Evaluating the performance of a reinforcement learning (RL) agent typically involves measuring its ability to achieve a desired goal over time. One common approach is to utilize cumulative reward, which is the total sum of rewards collected by the agent during its interactions with the environment. This measure provides a straightforward quantitative assessment: a higher cumulative reward indicates better performance. Developers can also assess the average reward per episode, which helps in understanding how the agent is improving over successive trials. For example, if an agent consistently achieves higher rewards in later episodes of training, this indicates successful learning.
Another important aspect of performance evaluation is stability and convergence. Developers should look at the variance in the agent's rewards over time, as significant fluctuations can signify that the agent is not adequately learning or generalizing from its experiences. A well-performing agent should show a trend of increasing reward stability as training progresses. Visualizing the training process with plots of cumulative reward or average reward per episode can aid in diagnosing issues. If the agent’s performance plateaus or declines, it may indicate that the learning rate is too high or that the exploration strategy needs adjustment.
Lastly, conducting performance evaluations in diverse scenarios or environments is vital.

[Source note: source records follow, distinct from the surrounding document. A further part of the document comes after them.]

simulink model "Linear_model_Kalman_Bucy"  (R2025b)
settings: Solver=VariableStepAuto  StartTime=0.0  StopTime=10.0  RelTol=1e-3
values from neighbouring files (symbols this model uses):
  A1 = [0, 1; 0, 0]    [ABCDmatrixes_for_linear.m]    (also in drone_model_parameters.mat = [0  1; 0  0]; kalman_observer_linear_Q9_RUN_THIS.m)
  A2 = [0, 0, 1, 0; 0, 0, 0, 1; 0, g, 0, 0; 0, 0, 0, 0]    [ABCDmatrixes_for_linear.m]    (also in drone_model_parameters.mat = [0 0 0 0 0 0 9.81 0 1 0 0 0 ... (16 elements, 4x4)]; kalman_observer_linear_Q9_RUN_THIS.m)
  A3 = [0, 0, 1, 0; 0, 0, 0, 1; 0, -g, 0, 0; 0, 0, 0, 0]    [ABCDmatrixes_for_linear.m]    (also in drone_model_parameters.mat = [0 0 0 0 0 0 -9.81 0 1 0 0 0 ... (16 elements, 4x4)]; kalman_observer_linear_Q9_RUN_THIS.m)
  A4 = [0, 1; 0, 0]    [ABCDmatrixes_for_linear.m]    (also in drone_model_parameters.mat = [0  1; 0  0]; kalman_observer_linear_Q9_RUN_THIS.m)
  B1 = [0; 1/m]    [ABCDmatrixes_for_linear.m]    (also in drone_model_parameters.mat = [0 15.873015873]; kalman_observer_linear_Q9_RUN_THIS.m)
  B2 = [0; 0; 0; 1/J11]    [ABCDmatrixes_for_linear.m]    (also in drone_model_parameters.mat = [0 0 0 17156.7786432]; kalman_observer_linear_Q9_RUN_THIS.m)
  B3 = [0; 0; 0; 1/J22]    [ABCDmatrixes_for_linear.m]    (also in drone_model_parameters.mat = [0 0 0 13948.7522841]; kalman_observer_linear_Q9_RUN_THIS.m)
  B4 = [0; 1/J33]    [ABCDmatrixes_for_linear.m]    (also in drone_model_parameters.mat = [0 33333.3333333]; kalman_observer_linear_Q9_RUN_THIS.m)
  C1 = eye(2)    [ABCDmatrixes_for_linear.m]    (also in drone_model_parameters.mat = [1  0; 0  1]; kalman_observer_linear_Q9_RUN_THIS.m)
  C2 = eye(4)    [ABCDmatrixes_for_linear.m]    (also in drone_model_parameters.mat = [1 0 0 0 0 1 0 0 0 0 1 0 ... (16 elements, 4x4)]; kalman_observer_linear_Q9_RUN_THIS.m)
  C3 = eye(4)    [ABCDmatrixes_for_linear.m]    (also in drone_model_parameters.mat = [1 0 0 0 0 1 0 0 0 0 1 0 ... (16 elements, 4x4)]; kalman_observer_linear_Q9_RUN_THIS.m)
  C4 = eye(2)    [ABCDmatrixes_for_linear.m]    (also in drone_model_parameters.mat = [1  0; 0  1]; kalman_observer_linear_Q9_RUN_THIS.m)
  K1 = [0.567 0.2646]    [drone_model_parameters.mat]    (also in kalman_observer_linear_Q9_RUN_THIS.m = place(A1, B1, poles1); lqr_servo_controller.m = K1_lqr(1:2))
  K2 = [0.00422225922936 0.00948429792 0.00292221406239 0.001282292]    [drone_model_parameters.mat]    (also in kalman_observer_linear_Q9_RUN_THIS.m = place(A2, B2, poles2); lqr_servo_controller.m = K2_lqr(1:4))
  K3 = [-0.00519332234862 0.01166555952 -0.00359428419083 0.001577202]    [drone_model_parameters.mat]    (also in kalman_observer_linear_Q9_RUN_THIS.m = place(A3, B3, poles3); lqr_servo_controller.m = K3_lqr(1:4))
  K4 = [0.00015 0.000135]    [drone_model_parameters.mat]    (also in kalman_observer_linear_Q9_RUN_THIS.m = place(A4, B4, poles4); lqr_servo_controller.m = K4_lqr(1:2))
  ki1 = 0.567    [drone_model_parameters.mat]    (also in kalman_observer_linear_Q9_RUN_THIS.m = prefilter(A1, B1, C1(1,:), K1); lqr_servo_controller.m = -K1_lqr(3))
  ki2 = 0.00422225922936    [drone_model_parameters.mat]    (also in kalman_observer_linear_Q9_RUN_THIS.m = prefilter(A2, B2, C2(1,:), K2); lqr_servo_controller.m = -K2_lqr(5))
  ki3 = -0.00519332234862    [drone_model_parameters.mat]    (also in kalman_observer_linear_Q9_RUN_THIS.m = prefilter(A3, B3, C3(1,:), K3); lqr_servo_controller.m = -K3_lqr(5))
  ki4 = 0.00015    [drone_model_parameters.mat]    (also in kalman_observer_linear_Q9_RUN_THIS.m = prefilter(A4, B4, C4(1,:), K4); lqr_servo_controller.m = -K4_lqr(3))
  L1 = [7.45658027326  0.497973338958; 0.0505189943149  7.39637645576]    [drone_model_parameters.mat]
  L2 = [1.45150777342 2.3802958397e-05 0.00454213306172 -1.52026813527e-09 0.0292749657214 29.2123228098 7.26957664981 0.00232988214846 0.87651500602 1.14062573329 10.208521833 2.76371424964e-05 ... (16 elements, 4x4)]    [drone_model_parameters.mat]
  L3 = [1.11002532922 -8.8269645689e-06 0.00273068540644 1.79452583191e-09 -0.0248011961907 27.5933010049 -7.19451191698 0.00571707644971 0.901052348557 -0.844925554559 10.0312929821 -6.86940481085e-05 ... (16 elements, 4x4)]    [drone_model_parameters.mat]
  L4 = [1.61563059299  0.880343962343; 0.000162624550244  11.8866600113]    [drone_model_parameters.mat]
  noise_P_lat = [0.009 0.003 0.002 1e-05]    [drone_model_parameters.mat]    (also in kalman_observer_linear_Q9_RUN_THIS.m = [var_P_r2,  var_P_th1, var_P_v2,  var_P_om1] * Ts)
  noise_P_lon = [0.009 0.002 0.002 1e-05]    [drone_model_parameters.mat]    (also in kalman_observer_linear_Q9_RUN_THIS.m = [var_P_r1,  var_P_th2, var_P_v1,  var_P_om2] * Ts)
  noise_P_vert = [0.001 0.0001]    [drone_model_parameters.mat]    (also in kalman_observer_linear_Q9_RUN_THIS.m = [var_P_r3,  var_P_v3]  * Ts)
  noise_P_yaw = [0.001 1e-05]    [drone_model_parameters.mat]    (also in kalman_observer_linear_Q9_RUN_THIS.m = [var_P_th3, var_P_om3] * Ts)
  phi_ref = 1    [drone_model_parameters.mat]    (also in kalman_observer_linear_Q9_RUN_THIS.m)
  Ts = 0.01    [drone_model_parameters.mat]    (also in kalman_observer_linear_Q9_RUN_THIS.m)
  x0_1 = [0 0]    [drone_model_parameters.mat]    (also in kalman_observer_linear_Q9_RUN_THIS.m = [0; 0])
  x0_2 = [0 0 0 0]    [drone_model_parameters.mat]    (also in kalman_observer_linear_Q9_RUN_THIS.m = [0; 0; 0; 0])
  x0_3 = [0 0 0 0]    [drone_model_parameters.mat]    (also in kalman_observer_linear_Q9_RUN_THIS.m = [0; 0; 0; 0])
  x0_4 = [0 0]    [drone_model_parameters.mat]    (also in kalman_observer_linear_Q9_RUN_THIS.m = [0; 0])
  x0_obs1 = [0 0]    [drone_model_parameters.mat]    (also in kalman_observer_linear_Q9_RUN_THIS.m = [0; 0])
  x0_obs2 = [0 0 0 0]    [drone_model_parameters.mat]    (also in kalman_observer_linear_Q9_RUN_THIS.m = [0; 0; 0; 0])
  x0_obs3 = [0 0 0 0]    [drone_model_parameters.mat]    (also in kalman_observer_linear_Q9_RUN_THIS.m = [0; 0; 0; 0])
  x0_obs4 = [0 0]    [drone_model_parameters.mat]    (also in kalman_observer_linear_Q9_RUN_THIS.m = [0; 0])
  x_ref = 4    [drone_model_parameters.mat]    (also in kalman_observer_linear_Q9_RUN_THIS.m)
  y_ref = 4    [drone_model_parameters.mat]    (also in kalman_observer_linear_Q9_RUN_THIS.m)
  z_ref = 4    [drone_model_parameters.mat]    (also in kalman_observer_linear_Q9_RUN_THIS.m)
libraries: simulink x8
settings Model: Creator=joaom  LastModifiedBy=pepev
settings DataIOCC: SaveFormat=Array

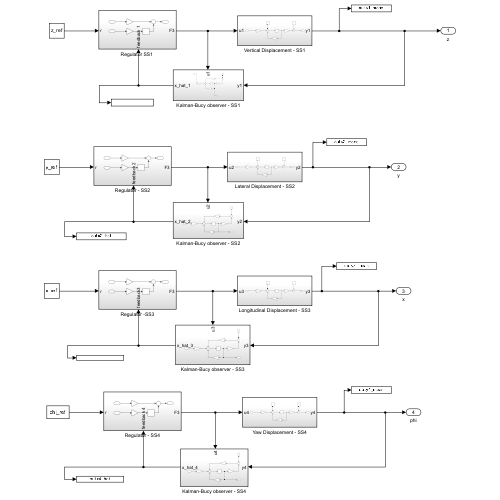
[thumbnail: Simulink's stored preview of the top-level diagram]
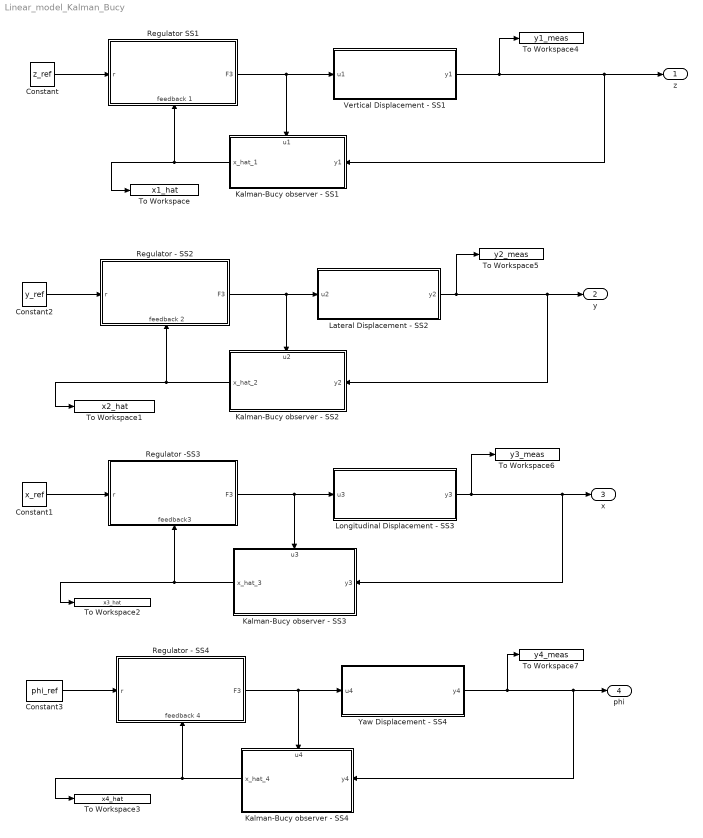
== system Linear_model_Kalman_Bucy ==
  Constant : Constant  Value=z_ref
  Constant1 : Constant  Value=x_ref
  Constant2 : Constant  Value=y_ref
  Constant3 : Constant  Value=phi_ref
  Kalman-Bucy observer - SS1 : Subsystem
      settings: PortSchema="{\"entries\":[{\"content\":{\"sides\":[{\"content\":{\"connectorIds\":[\"Out1\"]},\"type\":\"ConnectorPlacement.EquallySpacedRectSide\",\"uuid\":\"3a34d9e3-ef6b-4e0e-ad1c-a8e9abb9cb50\"},{\"content\":{\"connectorIds\":[\"In2\"],\"side\":\"RIGHT\"},\"type\":\"ConnectorPlacement.EquallySpacedRectSide\",\"uuid\":\"1b685036-9c62-4d8c-a792-6e44f47fda20\"},{\"content\":{\"connectorIds\":[\"In1\"],\"side\":\"TOP\"},\"type\":\"ConnectorPlacement.EquallySpacedRectSide\",\"uuid\":\"5c00f917-5739-44a5-95b0-e7bd6f61a97f\"}]},\"type\":\"ConnectorPlacement.EquallySpacedConnector\",\"uuid\":\"e365f2b2-c96f-4048-9751-de98e4d7538e\"}],\"packageUris\":[\"http://schema.mathworks.com/mf0/Connector/R2020b\"],\"version\":\"1.0\"}"
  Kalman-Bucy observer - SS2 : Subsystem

This ensures that the agent is not only performing well in specific training conditions but also generalizing its learning. Developers can use metrics like the agent’s performance in novel states or unseen environments to assess robustness. For example, if an agent trained in a video game can successfully navigate a previously unknown level, it indicates a strong understanding of the game's mechanics. Ultimately, combining these metrics provides a comprehensive view of the agent's capabilities, helping developers refine their algorithms effectively.